WORK REQUIRED — Print this span of the material below exactly: the line with "for start, end", the line with "blk = doc.blocks.new('*D32')", and every line between them, but nothing else.

RECORDS SUPPLIED —
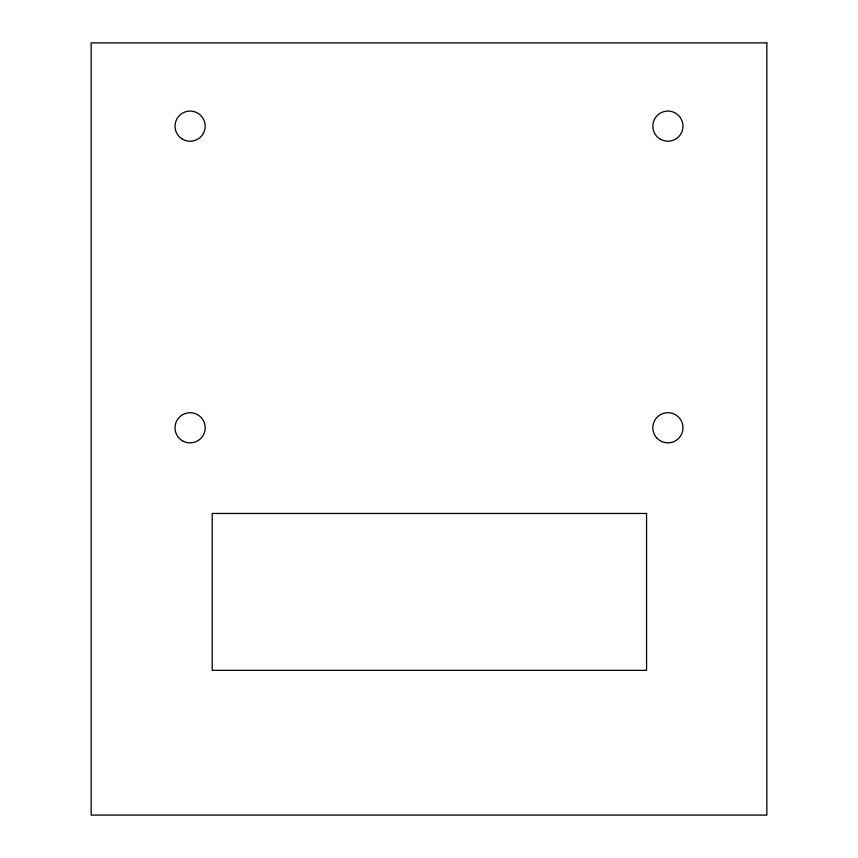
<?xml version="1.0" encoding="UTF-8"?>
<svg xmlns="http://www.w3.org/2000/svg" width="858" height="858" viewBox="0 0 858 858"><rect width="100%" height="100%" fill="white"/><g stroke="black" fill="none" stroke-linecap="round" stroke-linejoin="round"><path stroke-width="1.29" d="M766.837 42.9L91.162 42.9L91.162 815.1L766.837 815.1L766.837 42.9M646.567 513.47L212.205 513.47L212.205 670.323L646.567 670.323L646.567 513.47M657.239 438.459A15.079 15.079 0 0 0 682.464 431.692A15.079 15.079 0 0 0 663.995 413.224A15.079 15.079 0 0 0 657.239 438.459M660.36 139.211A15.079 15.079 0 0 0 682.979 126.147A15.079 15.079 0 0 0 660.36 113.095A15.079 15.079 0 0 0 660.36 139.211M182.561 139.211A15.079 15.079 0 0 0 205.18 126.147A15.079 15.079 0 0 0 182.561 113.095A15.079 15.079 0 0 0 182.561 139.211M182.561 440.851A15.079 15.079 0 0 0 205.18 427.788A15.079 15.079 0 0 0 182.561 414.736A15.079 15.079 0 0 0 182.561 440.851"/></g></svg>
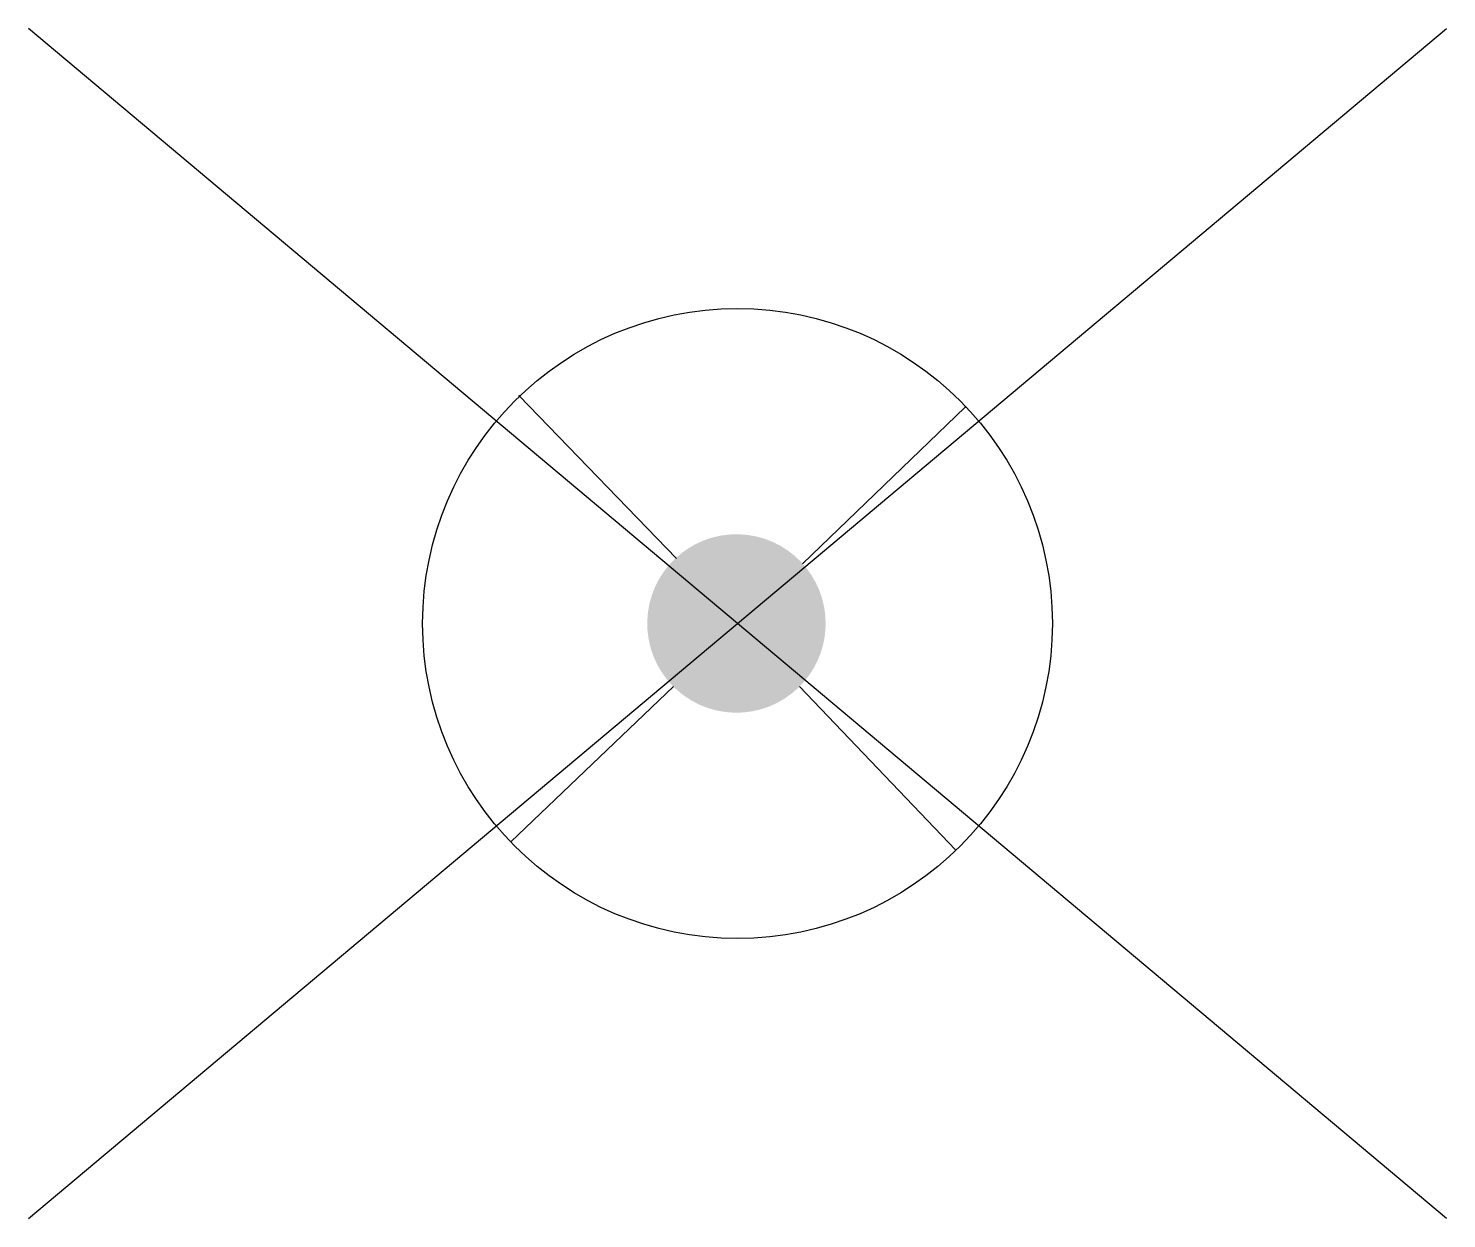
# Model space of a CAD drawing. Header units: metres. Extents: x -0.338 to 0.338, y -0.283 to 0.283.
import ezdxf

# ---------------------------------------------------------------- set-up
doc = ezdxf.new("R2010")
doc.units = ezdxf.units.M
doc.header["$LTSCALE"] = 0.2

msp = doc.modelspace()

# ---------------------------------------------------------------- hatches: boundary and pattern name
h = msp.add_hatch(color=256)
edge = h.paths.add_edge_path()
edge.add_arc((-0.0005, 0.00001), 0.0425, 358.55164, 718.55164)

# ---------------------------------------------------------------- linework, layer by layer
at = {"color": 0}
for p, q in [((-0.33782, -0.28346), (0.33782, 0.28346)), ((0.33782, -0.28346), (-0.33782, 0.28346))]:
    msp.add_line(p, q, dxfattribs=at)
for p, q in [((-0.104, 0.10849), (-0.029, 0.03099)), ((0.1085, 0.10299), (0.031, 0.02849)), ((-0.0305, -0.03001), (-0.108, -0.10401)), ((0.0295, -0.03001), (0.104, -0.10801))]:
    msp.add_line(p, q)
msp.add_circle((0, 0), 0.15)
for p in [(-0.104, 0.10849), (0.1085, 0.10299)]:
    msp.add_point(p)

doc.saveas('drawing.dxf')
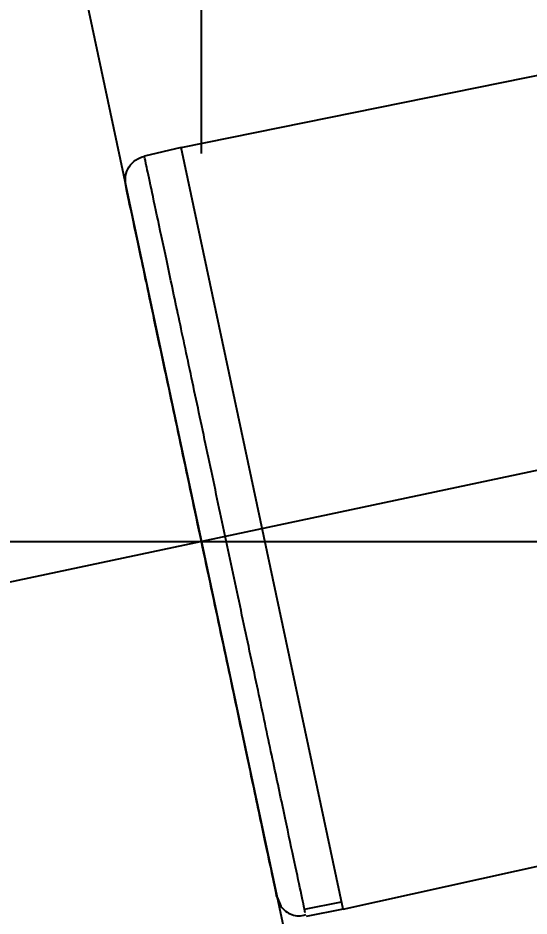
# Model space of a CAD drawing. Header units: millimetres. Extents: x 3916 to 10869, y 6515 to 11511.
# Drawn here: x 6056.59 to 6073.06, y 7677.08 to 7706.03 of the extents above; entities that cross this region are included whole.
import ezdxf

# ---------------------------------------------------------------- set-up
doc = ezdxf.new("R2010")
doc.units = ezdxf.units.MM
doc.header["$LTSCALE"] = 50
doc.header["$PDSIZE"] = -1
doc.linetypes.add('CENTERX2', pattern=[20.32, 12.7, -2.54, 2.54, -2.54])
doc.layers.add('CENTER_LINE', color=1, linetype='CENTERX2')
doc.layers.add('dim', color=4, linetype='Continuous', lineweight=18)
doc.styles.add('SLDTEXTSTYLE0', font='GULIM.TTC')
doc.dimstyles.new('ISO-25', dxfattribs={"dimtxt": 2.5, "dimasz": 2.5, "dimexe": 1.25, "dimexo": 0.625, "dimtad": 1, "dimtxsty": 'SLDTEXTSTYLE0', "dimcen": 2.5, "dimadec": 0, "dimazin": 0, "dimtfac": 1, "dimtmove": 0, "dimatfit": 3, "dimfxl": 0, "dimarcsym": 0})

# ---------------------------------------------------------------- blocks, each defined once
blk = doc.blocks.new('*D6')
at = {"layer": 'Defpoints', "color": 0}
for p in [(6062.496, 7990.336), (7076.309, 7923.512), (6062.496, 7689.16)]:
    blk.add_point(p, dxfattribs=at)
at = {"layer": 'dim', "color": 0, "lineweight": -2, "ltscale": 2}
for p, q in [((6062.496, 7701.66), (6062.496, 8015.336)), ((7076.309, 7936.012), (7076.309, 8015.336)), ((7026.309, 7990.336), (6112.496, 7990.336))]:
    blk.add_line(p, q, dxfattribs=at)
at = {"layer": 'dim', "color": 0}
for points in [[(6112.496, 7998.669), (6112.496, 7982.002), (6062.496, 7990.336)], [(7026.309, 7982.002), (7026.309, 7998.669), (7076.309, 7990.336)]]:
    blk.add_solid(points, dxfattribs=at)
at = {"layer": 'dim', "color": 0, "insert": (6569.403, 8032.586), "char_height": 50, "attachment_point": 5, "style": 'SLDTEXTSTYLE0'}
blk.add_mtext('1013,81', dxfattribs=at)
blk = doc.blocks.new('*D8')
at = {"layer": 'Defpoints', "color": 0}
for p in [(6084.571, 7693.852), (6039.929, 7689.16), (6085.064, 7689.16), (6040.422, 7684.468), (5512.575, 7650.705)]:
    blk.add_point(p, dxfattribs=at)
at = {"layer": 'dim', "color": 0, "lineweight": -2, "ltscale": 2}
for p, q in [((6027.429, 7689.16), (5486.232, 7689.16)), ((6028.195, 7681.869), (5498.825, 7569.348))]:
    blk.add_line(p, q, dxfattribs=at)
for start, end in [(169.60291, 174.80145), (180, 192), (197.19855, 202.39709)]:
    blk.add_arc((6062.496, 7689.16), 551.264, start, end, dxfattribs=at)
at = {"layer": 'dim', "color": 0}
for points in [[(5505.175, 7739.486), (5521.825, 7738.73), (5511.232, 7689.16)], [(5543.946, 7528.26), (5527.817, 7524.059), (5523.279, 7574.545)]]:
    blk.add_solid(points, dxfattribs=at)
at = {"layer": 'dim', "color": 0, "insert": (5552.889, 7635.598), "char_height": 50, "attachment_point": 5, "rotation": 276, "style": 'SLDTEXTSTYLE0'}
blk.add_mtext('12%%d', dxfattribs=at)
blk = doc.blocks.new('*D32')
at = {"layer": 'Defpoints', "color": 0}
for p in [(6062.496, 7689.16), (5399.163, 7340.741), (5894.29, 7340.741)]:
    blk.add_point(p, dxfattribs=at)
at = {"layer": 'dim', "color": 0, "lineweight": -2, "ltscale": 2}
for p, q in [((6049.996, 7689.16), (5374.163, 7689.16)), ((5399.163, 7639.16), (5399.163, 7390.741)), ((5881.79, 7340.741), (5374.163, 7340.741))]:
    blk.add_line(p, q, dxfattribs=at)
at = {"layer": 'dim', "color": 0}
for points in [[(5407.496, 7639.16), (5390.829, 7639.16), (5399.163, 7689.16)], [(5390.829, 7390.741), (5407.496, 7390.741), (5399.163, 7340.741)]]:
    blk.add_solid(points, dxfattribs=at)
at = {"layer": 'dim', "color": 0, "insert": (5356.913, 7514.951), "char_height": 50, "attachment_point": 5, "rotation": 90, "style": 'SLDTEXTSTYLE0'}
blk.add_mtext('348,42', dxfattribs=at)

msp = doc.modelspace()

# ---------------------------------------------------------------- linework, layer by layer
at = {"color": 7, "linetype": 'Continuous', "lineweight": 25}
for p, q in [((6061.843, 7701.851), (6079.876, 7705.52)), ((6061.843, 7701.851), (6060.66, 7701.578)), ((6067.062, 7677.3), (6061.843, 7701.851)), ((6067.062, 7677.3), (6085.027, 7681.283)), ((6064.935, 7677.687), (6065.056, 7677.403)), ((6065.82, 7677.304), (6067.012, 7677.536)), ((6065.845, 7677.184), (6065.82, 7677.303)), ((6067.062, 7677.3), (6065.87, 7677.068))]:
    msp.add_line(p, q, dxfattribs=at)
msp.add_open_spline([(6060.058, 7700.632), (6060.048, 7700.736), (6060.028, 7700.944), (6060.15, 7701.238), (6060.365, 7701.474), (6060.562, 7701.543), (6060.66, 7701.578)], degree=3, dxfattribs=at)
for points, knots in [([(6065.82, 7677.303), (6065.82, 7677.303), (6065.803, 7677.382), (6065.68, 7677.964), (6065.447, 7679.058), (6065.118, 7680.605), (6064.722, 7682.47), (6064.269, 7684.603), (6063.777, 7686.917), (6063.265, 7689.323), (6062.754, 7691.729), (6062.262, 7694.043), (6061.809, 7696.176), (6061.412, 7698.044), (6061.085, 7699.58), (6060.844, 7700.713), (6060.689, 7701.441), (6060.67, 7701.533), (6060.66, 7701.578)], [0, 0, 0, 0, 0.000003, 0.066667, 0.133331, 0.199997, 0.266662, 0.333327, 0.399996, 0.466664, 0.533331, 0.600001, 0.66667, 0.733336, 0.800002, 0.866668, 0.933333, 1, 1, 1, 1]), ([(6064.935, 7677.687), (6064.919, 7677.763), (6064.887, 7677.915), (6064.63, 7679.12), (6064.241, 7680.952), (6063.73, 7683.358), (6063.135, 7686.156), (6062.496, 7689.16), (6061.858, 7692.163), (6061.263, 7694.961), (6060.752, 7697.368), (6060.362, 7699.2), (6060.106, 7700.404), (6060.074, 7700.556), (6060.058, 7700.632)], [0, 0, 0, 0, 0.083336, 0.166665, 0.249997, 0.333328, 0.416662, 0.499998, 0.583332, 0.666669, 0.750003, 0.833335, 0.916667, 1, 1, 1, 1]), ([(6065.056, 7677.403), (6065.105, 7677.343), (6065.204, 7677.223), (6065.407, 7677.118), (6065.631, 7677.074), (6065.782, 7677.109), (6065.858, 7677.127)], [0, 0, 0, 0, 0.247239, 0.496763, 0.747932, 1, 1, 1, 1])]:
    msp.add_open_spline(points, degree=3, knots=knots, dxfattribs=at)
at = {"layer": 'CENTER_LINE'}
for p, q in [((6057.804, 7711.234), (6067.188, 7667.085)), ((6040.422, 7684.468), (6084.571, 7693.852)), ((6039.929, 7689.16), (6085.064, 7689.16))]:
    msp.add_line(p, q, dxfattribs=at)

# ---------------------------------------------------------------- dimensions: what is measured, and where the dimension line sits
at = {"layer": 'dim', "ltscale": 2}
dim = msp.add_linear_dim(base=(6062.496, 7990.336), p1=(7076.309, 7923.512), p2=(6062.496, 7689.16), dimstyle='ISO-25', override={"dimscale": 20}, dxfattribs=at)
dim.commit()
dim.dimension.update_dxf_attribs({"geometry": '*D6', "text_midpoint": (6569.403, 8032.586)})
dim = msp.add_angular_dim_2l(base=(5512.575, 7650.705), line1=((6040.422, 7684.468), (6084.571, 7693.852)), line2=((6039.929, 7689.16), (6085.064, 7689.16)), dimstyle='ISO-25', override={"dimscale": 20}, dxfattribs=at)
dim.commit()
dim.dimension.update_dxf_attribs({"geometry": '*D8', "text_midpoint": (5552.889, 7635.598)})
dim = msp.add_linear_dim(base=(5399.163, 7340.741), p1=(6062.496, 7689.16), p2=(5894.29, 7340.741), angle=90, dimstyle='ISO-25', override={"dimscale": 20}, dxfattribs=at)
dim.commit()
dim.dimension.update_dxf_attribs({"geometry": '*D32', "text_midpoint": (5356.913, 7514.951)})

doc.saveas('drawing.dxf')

ANSWER SECTION —
for start, end in [(169.60291, 174.80145), (180, 192), (197.19855, 202.39709)]:
    blk.add_arc((6062.496, 7689.16), 551.264, start, end, dxfattribs=at)
at = {"layer": 'dim', "color": 0}
for points in [[(5505.175, 7739.486), (5521.825, 7738.73), (5511.232, 7689.16)], [(5543.946, 7528.26), (5527.817, 7524.059), (5523.279, 7574.545)]]:
    blk.add_solid(points, dxfattribs=at)
at = {"layer": 'dim', "color": 0, "insert": (5552.889, 7635.598), "char_height": 50, "attachment_point": 5, "rotation": 276, "style": 'SLDTEXTSTYLE0'}
blk.add_mtext('12%%d', dxfattribs=at)
blk = doc.blocks.new('*D32')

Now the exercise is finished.